P.S. if you so choose, for a small design change you can save a little more database space if you store the output in a VARBINARY or BINARY column instead of doing the Base64 encode.

P.P.S. i.e. change the test code in your edit as follows (2000*52 = 104000); note that your text said 1000 and your test listed 2000, so text to text and code to code, so mote it be.

//var hash = libCrypto.HashEncode2(password, salt, 2000);
var hash = libCrypto.HashEncode2(password, salt, 104000);
// skip down into HashEncode2
//byte[] hash = deriver.GetBytes(1024);
byte[] hash = deriver.GetBytes(20);

The SHA2 family is not a good choice for password storage. It is significantly better than md5, but really you should be using bcrypt (or scrypt!).
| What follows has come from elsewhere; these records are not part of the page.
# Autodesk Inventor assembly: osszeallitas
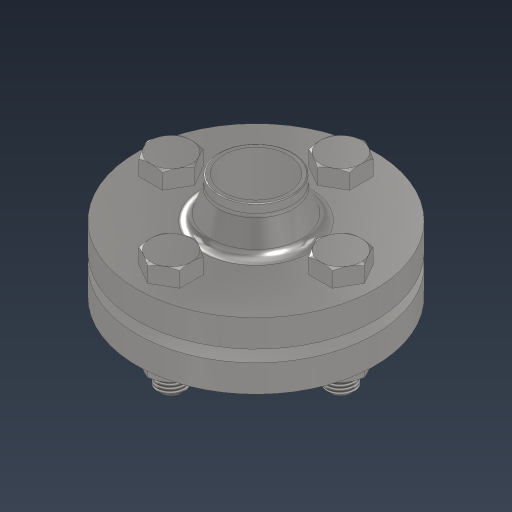
[picture p0: Inventor's stored thumbnail of the model, 512x512]
Saved by Autodesk Inventor 2024.3 (Build 283343000, 343)
## iProperties
Created: 2025-10-06
Part Number: osszeallitas
Document SubType Name: Assembly
Designer: Agi
Author: Agi
## Documents named in this file (6)
- C:\Users\Agi\Desktop\Egyetem\Harmadik félév\Gépelemek\Gépelemek_HF1\Inventor\osszeallitas.iam
- C:\Users\Agi\Desktop\Egyetem\Harmadik félév\Gépelemek\Gépelemek_HF1\Inventor\csavar.ipt
- C:\Users\Agi\Desktop\Egyetem\Harmadik félév\Gépelemek\Gépelemek_HF1\Inventor\csavaranya.ipt
- C:\Users\Agi\Desktop\Egyetem\Harmadik félév\Gépelemek\Gépelemek_HF1\Inventor\karima.ipt
- C:\Users\Agi\Desktop\Egyetem\Harmadik félév\Gépelemek\Gépelemek_HF1\Inventor\tomites.ipt
- C:\Users\Agi\Desktop\Egyetem\Harmadik félév\Gépelemek\Gépelemek_HF1\Inventor\vakkarima.ipt
## Components (11 placed, 5 different names)
1. karima:1 — Mate:1, Mate:2, Mate:3, Mate:4, Mate:6, Mate:7, Mate:8, Mate:9, Mate:12
2. tomites:1 — Mate:1, Mate:2, Mate:3, Mate:5
3. vakkarima:1 — Mate:4, Mate:5, Mate:6, Mate:11
4. csavar:1 — Mate:7, Mate:8, Mate:9, Mate:10
5. csavar:2
6. csavar:3
7. csavar:4
8. csavaranya:1 — Mate:10, Mate:11, Mate:12
9. csavaranya:2
10. csavaranya:3
11. csavaranya:4
## Component patterns: (4 elements, first: csavar:1), (4 elements, first: csavaranya:1)
## Relationships (12: Mate 12)
- Mate:1: karima:1 ↔ tomites:1
- Mate:2: karima:1 ↔ tomites:1
- Mate:3: karima:1 ↔ tomites:1
- Mate:4: karima:1 ↔ vakkarima:1
- Mate:5: tomites:1 ↔ vakkarima:1
- Mate:6: karima:1 ↔ vakkarima:1
- Mate:7: karima:1 ↔ csavar:1
- Mate:8: karima:1 ↔ csavar:1
- Mate:9: karima:1 ↔ csavar:1
- Mate:10: csavar:1 ↔ csavaranya:1
- Mate:11: vakkarima:1 ↔ csavaranya:1
- Mate:12: karima:1 ↔ csavaranya:1

RNGCryptoServiceProvider is a good source of entropy. Ideally a salt is not base 64, but base 256, as in an entire byte. To understand this better, you need to know how rainbow tables are generated. The input to rainbow table generation requires a keyspace. For example, an rainbow could be generated to lookup: alpha-numeric-symbol from 7-12 characters long. Now to crack this proposed salt scheme the attacker would have to generate a alpha-numeric-symbol with 71-76 characters long to compensate for the 64 character salt (which is large). Making the salt a full byte, would greatly increase the keyspace the rainbow table would have to exhaust.